Top Stories Covered in This Video
Chapters
0:00 Introduction
0:08 AbbVie eyes amylin to broaden obesity portfolio
0:33 Arrowhead RNAi programs cut visceral and liver fat, boost combo weight loss
1:03 Viking completes enrollment in VK2735 maintenance-dosing study
1:47 Thermo Fisher’s CorEvitas launches obesity RWE registry
2:15 Lilly CFO: orforglipron on track for potential Q2 FDA nod
2:38 Lilly inks $1.3bn obesity discovery deal with Nimbus
3:09 Alveus debuts with $160m to advance amylin-based pipeline
3:38 Structure: oral GLP-1 pills could reach 25–50% market share by 2030
4:04 How to reach us
Transcript
Welcome to this week’s edition of Obesity Updates, covering breakthroughs in the past two weeks. Brought to you by LucidQuest.
AbbVie outlined at the JPM Healthcare Conference a plan to broaden its obesity portfolio by pursuing amylin, including an asset from Gubra referred to as GUBamy. The goal is improved tolerability and sustained weight loss versus first generation GLP-1s, positioning aesthetics and obesity as complementary customer bases.
Arrowhead reported interim Phase 1 and 2a data for RNAi candidates ARO-INHBE and ARO-ALK7 in small ongoing cohorts with generally favorable safety. ARO-INHBE combined with tirzepatide roughly doubled weight loss at week 16 and tripled fat reductions at week 12 versus tirzepatide alone in obese adults with type 2 diabetes, noting the small n.
Viking completed enrollment in a Phase 1 randomized, double blind, placebo controlled maintenance study of VK2735 in about 180 adults with BMI at least 30. After 19 weeks of weekly subcutaneous dosing, participants transition to multiple subcutaneous and oral maintenance regimens of the same GLP-1 and GIP agonist molecule. The trial assesses safety, tolerability, pharmacokinetics, and exploratory weight endpoints from baseline and week 19 to week 31, with potential implications for clinical and payer decisions once data mature.
Thermo Fisher’s CorEvitas launched a prospective obesity registry to capture clinician and patient reported outcomes on effectiveness, safety, adherence, and experience. The aim is regulatory grade, longitudinal real world evidence to inform treatment patterns across diverse settings. Results could guide practice and payer discussions, with interpretation dependent on design and confounding control.

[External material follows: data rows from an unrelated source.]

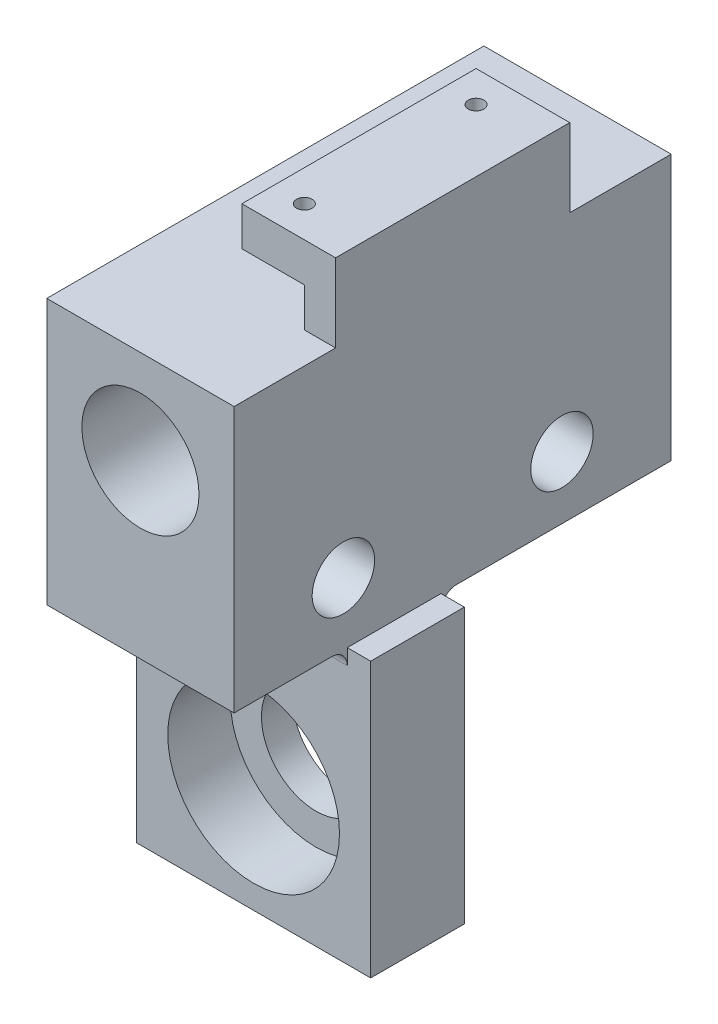
ISO-10303-21;
HEADER;
FILE_DESCRIPTION(('STEP AP214'),'2;1');
FILE_NAME('part.step','',(''),(''),'','','');
FILE_SCHEMA(('AUTOMOTIVE_DESIGN { 1 0 10303 214 1 1 1 1 }'));
ENDSEC;
DATA;
#1=APPLICATION_CONTEXT('core data for automotive mechanical design processes');
#2=APPLICATION_PROTOCOL_DEFINITION('international standard','automotive_design',2000,#1);
#3=PRODUCT_CONTEXT('',#1,'mechanical');
#4=PRODUCT('Part','Part','',(#3));
#5=PRODUCT_RELATED_PRODUCT_CATEGORY('part','',(#4));
#6=PRODUCT_DEFINITION_FORMATION('','',#4);
#7=PRODUCT_DEFINITION_CONTEXT('part definition',#1,'design');
#8=PRODUCT_DEFINITION('design','',#6,#7);
#9=PRODUCT_DEFINITION_SHAPE('','',#8);
#10=(LENGTH_UNIT() NAMED_UNIT(*) SI_UNIT(.MILLI.,.METRE.));
#11=(NAMED_UNIT(*) PLANE_ANGLE_UNIT() SI_UNIT($,.RADIAN.));
#12=(NAMED_UNIT(*) SI_UNIT($,.STERADIAN.) SOLID_ANGLE_UNIT());
#13=UNCERTAINTY_MEASURE_WITH_UNIT(LENGTH_MEASURE(1.E-05),#10,'distance_accuracy_value','');
#14=(GEOMETRIC_REPRESENTATION_CONTEXT(3) GLOBAL_UNCERTAINTY_ASSIGNED_CONTEXT((#13)) GLOBAL_UNIT_ASSIGNED_CONTEXT((#10,
#11,#12)) REPRESENTATION_CONTEXT('',''));
#15=CARTESIAN_POINT('',(0.,0.,0.));
#16=DIRECTION('',(0.,0.,1.));
#17=DIRECTION('',(1.,0.,0.));
#18=AXIS2_PLACEMENT_3D('',#15,#16,#17);
#19=CARTESIAN_POINT('',(-12.,12.,28.));
#20=DIRECTION('',(0.,-1.,0.));
#21=DIRECTION('',(0.,0.,-1.));
#22=AXIS2_PLACEMENT_3D('',#19,#20,#21);
#23=PLANE('',#22);
#24=DIRECTION('',(-1.,0.,0.));
#25=VECTOR('',#24,1.);
#26=CARTESIAN_POINT('',(-12.,12.,-28.));
#27=LINE('',#26,#25);
#28=CARTESIAN_POINT('',(12.,12.,-28.));
#29=VERTEX_POINT('',#28);
#30=CARTESIAN_POINT('',(-12.,12.,-28.));
#31=VERTEX_POINT('',#30);
#32=EDGE_CURVE('E260',#29,#31,#27,.T.);
#33=ORIENTED_EDGE('',*,*,#32,.T.);
#34=DIRECTION('',(0.,0.,-1.));
#35=VECTOR('',#34,1.);
#36=CARTESIAN_POINT('',(-12.,12.,28.));
#37=LINE('',#36,#35);
#38=CARTESIAN_POINT('',(-12.,12.,28.));
#39=VERTEX_POINT('',#38);
#40=EDGE_CURVE('E266',#39,#31,#37,.T.);
#41=ORIENTED_EDGE('',*,*,#40,.F.);
#42=DIRECTION('',(-1.,0.,0.));
#43=VECTOR('',#42,1.);
#44=CARTESIAN_POINT('',(-12.,12.,28.));
#45=LINE('',#44,#43);
#46=CARTESIAN_POINT('',(12.,12.,28.));
#47=VERTEX_POINT('',#46);
#48=EDGE_CURVE('E264',#47,#39,#45,.T.);
#49=ORIENTED_EDGE('',*,*,#48,.F.);
#50=DIRECTION('',(0.,0.,-1.));
#51=VECTOR('',#50,1.);
#52=CARTESIAN_POINT('',(12.,12.,28.));
#53=LINE('',#52,#51);
#54=CARTESIAN_POINT('',(12.,12.,15.));
#55=VERTEX_POINT('',#54);
#56=EDGE_CURVE('E187',#47,#55,#53,.T.);
#57=ORIENTED_EDGE('',*,*,#56,.T.);
#58=DIRECTION('',(1.,0.,0.));
#59=VECTOR('',#58,1.);
#60=CARTESIAN_POINT('',(0.,12.,15.));
#61=LINE('',#60,#59);
#62=CARTESIAN_POINT('',(8.,12.,15.));
#63=VERTEX_POINT('',#62);
#64=EDGE_CURVE('E181',#63,#55,#61,.T.);
#65=ORIENTED_EDGE('',*,*,#64,.F.);
#66=DIRECTION('',(0.,0.,1.));
#67=VECTOR('',#66,1.);
#68=CARTESIAN_POINT('',(8.,12.,-28.));
#69=LINE('',#68,#67);
#70=CARTESIAN_POINT('',(8.,12.,-15.));
#71=VERTEX_POINT('',#70);
#72=EDGE_CURVE('E48',#71,#63,#69,.T.);
#73=ORIENTED_EDGE('',*,*,#72,.F.);
#74=DIRECTION('',(-1.,0.,0.));
#75=VECTOR('',#74,1.);
#76=CARTESIAN_POINT('',(0.,12.,-15.));
#77=LINE('',#76,#75);
#78=CARTESIAN_POINT('',(12.,12.,-15.));
#79=VERTEX_POINT('',#78);
#80=EDGE_CURVE('E53',#79,#71,#77,.T.);
#81=ORIENTED_EDGE('',*,*,#80,.F.);
#82=EDGE_CURVE('E278',#79,#29,#53,.T.);
#83=ORIENTED_EDGE('',*,*,#82,.T.);
#84=EDGE_LOOP('',(#33,#41,#49,#57,#65,#73,#81,#83));
#85=FACE_BOUND('',#84,.T.);
#86=ADVANCED_FACE('F33',(#85),#23,.F.);
#87=CARTESIAN_POINT('',(-12.,-22.,28.));
#88=DIRECTION('',(0.,1.,0.));
#89=DIRECTION('',(0.,0.,1.));
#90=AXIS2_PLACEMENT_3D('',#87,#88,#89);
#91=PLANE('',#90);
#92=DIRECTION('',(0.,0.,-1.));
#93=VECTOR('',#92,1.);
#94=CARTESIAN_POINT('',(-12.,-22.,28.));
#95=LINE('',#94,#93);
#96=CARTESIAN_POINT('',(-12.,-22.,28.));
#97=VERTEX_POINT('',#96);
#98=CARTESIAN_POINT('',(-12.,-22.,15.5));
#99=VERTEX_POINT('',#98);
#100=EDGE_CURVE('E286',#97,#99,#95,.T.);
#101=ORIENTED_EDGE('',*,*,#100,.T.);
#102=DIRECTION('',(-1.,0.,0.));
#103=VECTOR('',#102,1.);
#104=CARTESIAN_POINT('',(12.,-22.,15.5));
#105=LINE('',#104,#103);
#106=CARTESIAN_POINT('',(12.,-22.,15.5));
#107=VERTEX_POINT('',#106);
#108=EDGE_CURVE('E308',#99,#107,#105,.F.);
#109=ORIENTED_EDGE('',*,*,#108,.T.);
#110=DIRECTION('',(0.,0.,-1.));
#111=VECTOR('',#110,1.);
#112=CARTESIAN_POINT('',(12.,-22.,28.));
#113=LINE('',#112,#111);
#114=CARTESIAN_POINT('',(12.,-22.,28.));
#115=VERTEX_POINT('',#114);
#116=EDGE_CURVE('E281',#115,#107,#113,.T.);
#117=ORIENTED_EDGE('',*,*,#116,.F.);
#118=DIRECTION('',(1.,0.,0.));
#119=VECTOR('',#118,1.);
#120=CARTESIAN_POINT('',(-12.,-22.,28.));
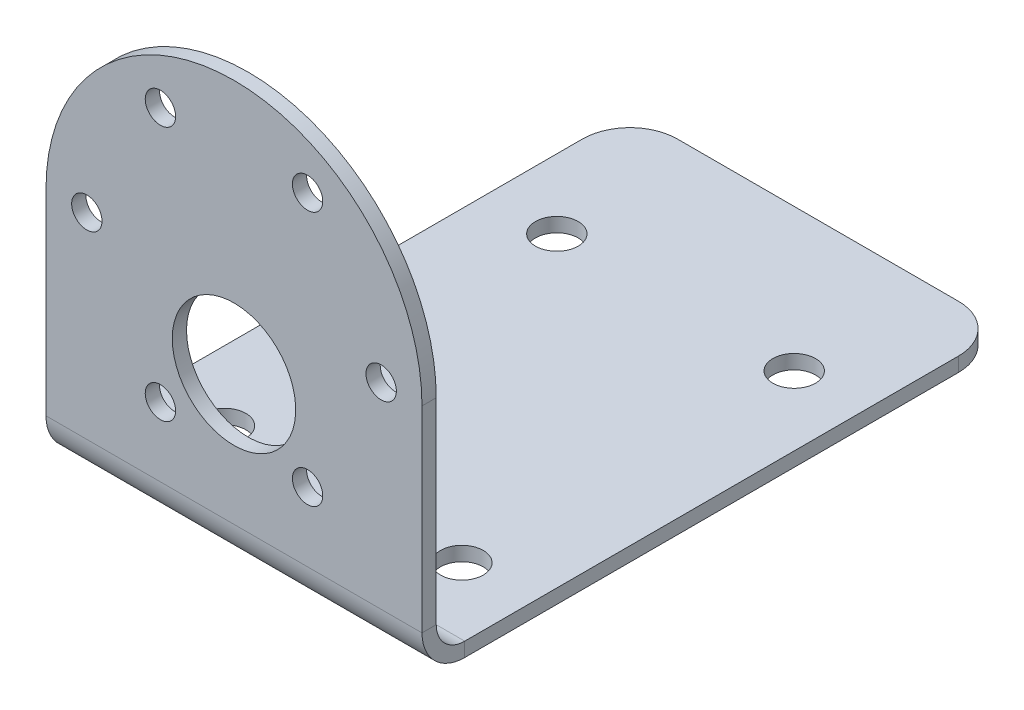
ISO-10303-21;
HEADER;
FILE_DESCRIPTION(('STEP AP214'),'2;1');
FILE_NAME('part.step','',(''),(''),'','','');
FILE_SCHEMA(('AUTOMOTIVE_DESIGN { 1 0 10303 214 1 1 1 1 }'));
ENDSEC;
DATA;
#1=APPLICATION_CONTEXT('core data for automotive mechanical design processes');
#2=APPLICATION_PROTOCOL_DEFINITION('international standard','automotive_design',2000,#1);
#3=PRODUCT_CONTEXT('',#1,'mechanical');
#4=PRODUCT('Part','Part','',(#3));
#5=PRODUCT_RELATED_PRODUCT_CATEGORY('part','',(#4));
#6=PRODUCT_DEFINITION_FORMATION('','',#4);
#7=PRODUCT_DEFINITION_CONTEXT('part definition',#1,'design');
#8=PRODUCT_DEFINITION('design','',#6,#7);
#9=PRODUCT_DEFINITION_SHAPE('','',#8);
#10=(LENGTH_UNIT() NAMED_UNIT(*) SI_UNIT(.MILLI.,.METRE.));
#11=(NAMED_UNIT(*) PLANE_ANGLE_UNIT() SI_UNIT($,.RADIAN.));
#12=(NAMED_UNIT(*) SI_UNIT($,.STERADIAN.) SOLID_ANGLE_UNIT());
#13=UNCERTAINTY_MEASURE_WITH_UNIT(LENGTH_MEASURE(1.E-05),#10,'distance_accuracy_value','');
#14=(GEOMETRIC_REPRESENTATION_CONTEXT(3) GLOBAL_UNCERTAINTY_ASSIGNED_CONTEXT((#13)) GLOBAL_UNIT_ASSIGNED_CONTEXT((#10,
#11,#12)) REPRESENTATION_CONTEXT('',''));
#15=CARTESIAN_POINT('',(0.,0.,0.));
#16=DIRECTION('',(0.,0.,1.));
#17=DIRECTION('',(1.,0.,0.));
#18=AXIS2_PLACEMENT_3D('',#15,#16,#17);
#19=CARTESIAN_POINT('',(19.8,-16.7,-60.));
#20=DIRECTION('',(1.,0.,0.));
#21=DIRECTION('',(0.,0.,1.));
#22=AXIS2_PLACEMENT_3D('',#19,#20,#21);
#23=PLANE('',#22);
#24=DIRECTION('',(0.,1.,0.));
#25=VECTOR('',#24,1.);
#26=CARTESIAN_POINT('',(19.8,-16.7,-3.));
#27=LINE('',#26,#25);
#28=CARTESIAN_POINT('',(19.8,-18.2,-3.));
#29=VERTEX_POINT('',#28);
#30=CARTESIAN_POINT('',(19.8,-16.7,-3.));
#31=VERTEX_POINT('',#30);
#32=EDGE_CURVE('E11',#29,#31,#27,.T.);
#33=ORIENTED_EDGE('',*,*,#32,.F.);
#34=DIRECTION('',(0.,0.,1.));
#35=VECTOR('',#34,1.);
#36=CARTESIAN_POINT('',(19.8,-18.2,-60.));
#37=LINE('',#36,#35);
#38=CARTESIAN_POINT('',(19.8,-18.2,-55.));
#39=VERTEX_POINT('',#38);
#40=EDGE_CURVE('E143',#39,#29,#37,.T.);
#41=ORIENTED_EDGE('',*,*,#40,.F.);
#42=DIRECTION('',(0.,1.,0.));
#43=VECTOR('',#42,1.);
#44=CARTESIAN_POINT('',(19.8,-16.7,-55.));
#45=LINE('',#44,#43);
#46=CARTESIAN_POINT('',(19.8,-16.7,-55.));
#47=VERTEX_POINT('',#46);
#48=EDGE_CURVE('E46',#39,#47,#45,.T.);
#49=ORIENTED_EDGE('',*,*,#48,.T.);
#50=DIRECTION('',(0.,0.,1.));
#51=VECTOR('',#50,1.);
#52=CARTESIAN_POINT('',(19.8,-16.7,-60.));
#53=LINE('',#52,#51);
#54=EDGE_CURVE('E204',#47,#31,#53,.T.);
#55=ORIENTED_EDGE('',*,*,#54,.T.);
#56=EDGE_LOOP('',(#33,#41,#49,#55));
#57=FACE_BOUND('',#56,.T.);
#58=ADVANCED_FACE('F36',(#57),#23,.T.);
#59=CARTESIAN_POINT('',(14.8,-16.7,-55.));
#60=DIRECTION('',(0.,-1.,0.));
#61=DIRECTION('',(1.,0.,0.));
#62=AXIS2_PLACEMENT_3D('',#59,#60,#61);
#63=CYLINDRICAL_SURFACE('',#62,5.);
#64=ORIENTED_EDGE('',*,*,#48,.F.);
#65=CARTESIAN_POINT('',(14.8,-18.2,-55.));
#66=DIRECTION('',(0.,1.,0.));
#67=DIRECTION('',(-1.,0.,0.));
#68=AXIS2_PLACEMENT_3D('',#65,#66,#67);
#69=CIRCLE('',#68,5.);
#70=CARTESIAN_POINT('',(14.8,-18.2,-60.));
#71=VERTEX_POINT('',#70);
#72=EDGE_CURVE('E151',#71,#39,#69,.F.);
#73=ORIENTED_EDGE('',*,*,#72,.F.);
#74=DIRECTION('',(0.,1.,0.));
#75=VECTOR('',#74,1.);
#76=CARTESIAN_POINT('',(14.8,-16.7,-60.));
#77=LINE('',#76,#75);
#78=CARTESIAN_POINT('',(14.8,-16.7,-60.));
#79=VERTEX_POINT('',#78);
#80=EDGE_CURVE('E198',#71,#79,#77,.T.);
#81=ORIENTED_EDGE('',*,*,#80,.T.);
#82=CARTESIAN_POINT('',(14.8,-16.7,-55.));
#83=DIRECTION('',(0.,1.,0.));
#84=DIRECTION('',(-1.,0.,0.));
#85=AXIS2_PLACEMENT_3D('',#82,#83,#84);
#86=CIRCLE('',#85,5.);
#87=EDGE_CURVE('E218',#79,#47,#86,.F.);
#88=ORIENTED_EDGE('',*,*,#87,.T.);
#89=EDGE_LOOP('',(#64,#73,#81,#88));
#90=FACE_BOUND('',#89,.T.);
#91=ADVANCED_FACE('F224',(#90),#63,.T.);
#92=CARTESIAN_POINT('',(0.,-16.7,-60.));
#93=DIRECTION('',(0.,0.,-1.));
#94=DIRECTION('',(1.,0.,0.));
#95=AXIS2_PLACEMENT_3D('',#92,#93,#94);
#96=PLANE('',#95);
#97=ORIENTED_EDGE('',*,*,#80,.F.);
#98=DIRECTION('',(1.,0.,0.));
#99=VECTOR('',#98,1.);
#100=CARTESIAN_POINT('',(0.,-18.2,-60.));
#101=LINE('',#100,#99);
#102=CARTESIAN_POINT('',(-14.8,-18.2,-60.));
#103=VERTEX_POINT('',#102);
#104=EDGE_CURVE('E147',#103,#71,#101,.T.);
#105=ORIENTED_EDGE('',*,*,#104,.F.);
#106=DIRECTION('',(0.,1.,0.));
#107=VECTOR('',#106,1.);
#108=CARTESIAN_POINT('',(-14.8,-16.7,-60.));
#109=LINE('',#108,#107);
#110=CARTESIAN_POINT('',(-14.8,-16.7,-60.));
#111=VERTEX_POINT('',#110);
#112=EDGE_CURVE('E195',#103,#111,#109,.T.);
#113=ORIENTED_EDGE('',*,*,#112,.T.);
#114=DIRECTION('',(1.,0.,0.));
#115=VECTOR('',#114,1.);
#116=CARTESIAN_POINT('',(0.,-16.7,-60.));
#117=LINE('',#116,#115);
#118=EDGE_CURVE('E276',#111,#79,#117,.T.);
#119=ORIENTED_EDGE('',*,*,#118,.T.);
#120=EDGE_LOOP('',(#97,#105,#113,#119));
#121=FACE_BOUND('',#120,.T.);
#122=ADVANCED_FACE('F298',(#121),#96,.T.);
#123=CARTESIAN_POINT('',(-14.8,-16.7,-55.));
#124=DIRECTION('',(0.,-1.,0.));
#125=DIRECTION('',(1.,0.,0.));
#126=AXIS2_PLACEMENT_3D('',#123,#124,#125);
#127=CYLINDRICAL_SURFACE('',#126,5.);
#128=ORIENTED_EDGE('',*,*,#112,.F.);
#129=CARTESIAN_POINT('',(-14.8,-18.2,-55.));
#130=DIRECTION('',(0.,-1.,0.));
#131=DIRECTION('',(1.,0.,0.));
#132=AXIS2_PLACEMENT_3D('',#129,#130,#131);
#133=CIRCLE('',#132,5.);
#134=CARTESIAN_POINT('',(-19.8,-18.2,-55.));
#135=VERTEX_POINT('',#134);
#136=EDGE_CURVE('E144',#103,#135,#133,.F.);
#137=ORIENTED_EDGE('',*,*,#136,.T.);
#138=DIRECTION('',(0.,1.,0.));
#139=VECTOR('',#138,1.);
#140=CARTESIAN_POINT('',(-19.8,-16.7,-55.));
#141=LINE('',#140,#139);
#142=CARTESIAN_POINT('',(-19.8,-16.7,-55.));
#143=VERTEX_POINT('',#142);
#144=EDGE_CURVE('E192',#135,#143,#141,.T.);
#145=ORIENTED_EDGE('',*,*,#144,.T.);
#146=CARTESIAN_POINT('',(-14.8,-16.7,-55.));
#147=DIRECTION('',(0.,-1.,0.));
#148=DIRECTION('',(1.,0.,0.));
#149=AXIS2_PLACEMENT_3D('',#146,#147,#148);
#150=CIRCLE('',#149,5.);
#151=EDGE_CURVE('E280',#111,#143,#150,.F.);
#152=ORIENTED_EDGE('',*,*,#151,.F.);
#153=EDGE_LOOP('',(#128,#137,#145,#152));
#154=FACE_BOUND('',#153,.T.);
#155=ADVANCED_FACE('F301',(#154),#127,.T.);
#156=CARTESIAN_POINT('',(-19.8,-16.7,-60.));
#157=DIRECTION('',(1.,0.,0.));
#158=DIRECTION('',(0.,0.,1.));
#159=AXIS2_PLACEMENT_3D('',#156,#157,#158);
#160=PLANE('',#159);
#161=ORIENTED_EDGE('',*,*,#144,.F.);
#162=DIRECTION('',(0.,0.,1.));
#163=VECTOR('',#162,1.);
#164=CARTESIAN_POINT('',(-19.8,-18.2,-60.));
#165=LINE('',#164,#163);
#166=CARTESIAN_POINT('',(-19.8,-18.2,-3.));
#167=VERTEX_POINT('',#166);
#168=EDGE_CURVE('E140',#135,#167,#165,.T.);
#169=ORIENTED_EDGE('',*,*,#168,.T.);
#170=DIRECTION('',(0.,1.,0.));
#171=VECTOR('',#170,1.);
#172=CARTESIAN_POINT('',(-19.8,-16.7,-3.));
#173=LINE('',#172,#171);
#174=CARTESIAN_POINT('',(-19.8,-16.7,-3.));
#175=VERTEX_POINT('',#174);
#176=EDGE_CURVE('E189',#167,#175,#173,.T.);
#177=ORIENTED_EDGE('',*,*,#176,.T.);
#178=DIRECTION('',(0.,0.,1.));
#179=VECTOR('',#178,1.);
#180=CARTESIAN_POINT('',(-19.8,-16.7,-60.));
#181=LINE('',#180,#179);
#182=EDGE_CURVE('E222',#143,#175,#181,.T.);
#183=ORIENTED_EDGE('',*,*,#182,.F.);
#184=EDGE_LOOP('',(#161,#169,#177,#183));
#185=FACE_BOUND('',#184,.T.);
#186=ADVANCED_FACE('F303',(#185),#160,.F.);
#187=CARTESIAN_POINT('',(-19.8,-13.7,-3.));
#188=DIRECTION('',(1.,0.,0.));
#189=DIRECTION('',(0.,1.,0.));
#190=AXIS2_PLACEMENT_3D('',#187,#188,#189);
#191=PLANE('',#190);
#192=ORIENTED_EDGE('',*,*,#176,.F.);
#193=CARTESIAN_POINT('',(-19.8,-13.7,-3.));
#194=DIRECTION('',(1.,0.,0.));
#195=DIRECTION('',(0.,1.,0.));
#196=AXIS2_PLACEMENT_3D('',#193,#194,#195);
#197=CIRCLE('',#196,4.5);
#198=CARTESIAN_POINT('',(-19.8,-13.7,1.5));
#199=VERTEX_POINT('',#198);
#200=EDGE_CURVE('E126',#167,#199,#197,.F.);
#201=ORIENTED_EDGE('',*,*,#200,.T.);
#202=DIRECTION('',(0.,0.,-1.));
#203=VECTOR('',#202,1.);
#204=CARTESIAN_POINT('',(-19.8,-13.7,0.));
#205=LINE('',#204,#203);
#206=CARTESIAN_POINT('',(-19.8,-13.7,0.));
#207=VERTEX_POINT('',#206);
#208=EDGE_CURVE('E54',#199,#207,#205,.T.);
#209=ORIENTED_EDGE('',*,*,#208,.T.);
#210=CARTESIAN_POINT('',(-19.8,-13.7,-3.));
#211=DIRECTION('',(-1.,0.,0.));
#212=DIRECTION('',(0.,-1.,0.));
#213=AXIS2_PLACEMENT_3D('',#210,#211,#212);
#214=CIRCLE('',#213,3.);
#215=EDGE_CURVE('E267',#175,#207,#214,.T.);
#216=ORIENTED_EDGE('',*,*,#215,.F.);
#217=EDGE_LOOP('',(#192,#201,#209,#216));
#218=FACE_BOUND('',#217,.T.);
#219=ADVANCED_FACE('F288',(#218),#191,.F.);
#220=CARTESIAN_POINT('',(-19.8,7.,0.));
#221=DIRECTION('',(1.,0.,0.));
#222=DIRECTION('',(0.,-1.,0.));
#223=AXIS2_PLACEMENT_3D('',#220,#221,#222);
#224=PLANE('',#223);
#225=ORIENTED_EDGE('',*,*,#208,.F.);
#226=DIRECTION('',(0.,1.,0.));
#227=VECTOR('',#226,1.);
#228=CARTESIAN_POINT('',(-19.8,0.,1.5));
#229=LINE('',#228,#227);
#230=CARTESIAN_POINT('',(-19.8,7.,1.5));
#231=VERTEX_POINT('',#230);
#232=EDGE_CURVE('E118',#231,#199,#229,.F.);
#233=ORIENTED_EDGE('',*,*,#232,.F.);
#234=DIRECTION('',(0.,0.,-1.));
#235=VECTOR('',#234,1.);
#236=CARTESIAN_POINT('',(-19.8,7.,0.));
#237=LINE('',#236,#235);
#238=CARTESIAN_POINT('',(-19.8,7.,0.));
#239=VERTEX_POINT('',#238);
#240=EDGE_CURVE('E185',#231,#239,#237,.T.);
#241=ORIENTED_EDGE('',*,*,#240,.T.);
#242=DIRECTION('',(0.,-1.,0.));
#243=VECTOR('',#242,1.);
#244=CARTESIAN_POINT('',(-19.8,7.,0.));
#245=LINE('',#244,#243);
#246=EDGE_CURVE('E239',#239,#207,#245,.T.);
#247=ORIENTED_EDGE('',*,*,#246,.T.);
#248=EDGE_LOOP('',(#225,#233,#241,#247));
#249=FACE_BOUND('',#248,.T.);
#250=ADVANCED_FACE('F394',(#249),#224,.F.);
#251=CARTESIAN_POINT('',(0.,7.,0.));
#252=DIRECTION('',(0.,0.,-1.));
#253=DIRECTION('',(-1.,0.,0.));
#254=AXIS2_PLACEMENT_3D('',#251,#252,#253);
#255=CYLINDRICAL_SURFACE('',#254,19.8);
#256=ORIENTED_EDGE('',*,*,#240,.F.);
#257=CARTESIAN_POINT('',(0.,7.,1.5));
#258=DIRECTION('',(0.,0.,1.));
#259=DIRECTION('',(1.,0.,0.));
#260=AXIS2_PLACEMENT_3D('',#257,#258,#259);
#261=CIRCLE('',#260,19.8);
#262=CARTESIAN_POINT('',(19.8,7.,1.5));
#263=VERTEX_POINT('',#262);
#264=EDGE_CURVE('E130',#263,#231,#261,.T.);
#265=ORIENTED_EDGE('',*,*,#264,.F.);
#266=DIRECTION('',(0.,0.,-1.));
#267=VECTOR('',#266,1.);
#268=CARTESIAN_POINT('',(19.8,7.,0.));
#269=LINE('',#268,#267);
#270=CARTESIAN_POINT('',(19.8,7.,0.));
#271=VERTEX_POINT('',#270);
#272=EDGE_CURVE('E105',#263,#271,#269,.T.);
#273=ORIENTED_EDGE('',*,*,#272,.T.);
#274=CARTESIAN_POINT('',(0.,7.,0.));
#275=DIRECTION('',(0.,0.,1.));
#276=DIRECTION('',(-1.,0.,0.));
#277=AXIS2_PLACEMENT_3D('',#274,#275,#276);
#278=CIRCLE('',#277,19.8);
#279=EDGE_CURVE('E234',#271,#239,#278,.T.);
#280=ORIENTED_EDGE('',*,*,#279,.T.);
#281=EDGE_LOOP('',(#256,#265,#273,#280));
#282=FACE_BOUND('',#281,.T.);
#283=ADVANCED_FACE('F391',(#282),#255,.T.);
#284=CARTESIAN_POINT('',(19.8,7.,0.));
#285=DIRECTION('',(1.,0.,0.));
#286=DIRECTION('',(0.,-1.,0.));
#287=AXIS2_PLACEMENT_3D('',#284,#285,#286);
#288=PLANE('',#287);
#289=ORIENTED_EDGE('',*,*,#272,.F.);
#290=DIRECTION('',(0.,1.,0.));
#291=VECTOR('',#290,1.);
#292=CARTESIAN_POINT('',(19.8,0.,1.5));
#293=LINE('',#292,#291);
#294=CARTESIAN_POINT('',(19.8,-13.7,1.5));
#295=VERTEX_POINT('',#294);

Lilly’s CFO said that orforglipron, the company’s oral GLP-1, remains on track for a potential FDA decision in Q2 2026, comments made at JPM and without detailed review status. Potential approval timing could influence therapy selection and payer reviews.
Lilly also signed an obesity discovery collaboration with Nimbus, $55 million upfront and up to $1.3 billion in milestones, building on a 2022 partnership. Nimbus will apply computational chemistry to discover an oral obesity therapy, expanding Lilly’s oral options alongside orforglipron, with royalties if a drug is approved. This signals continued pipeline investment and modality expansion.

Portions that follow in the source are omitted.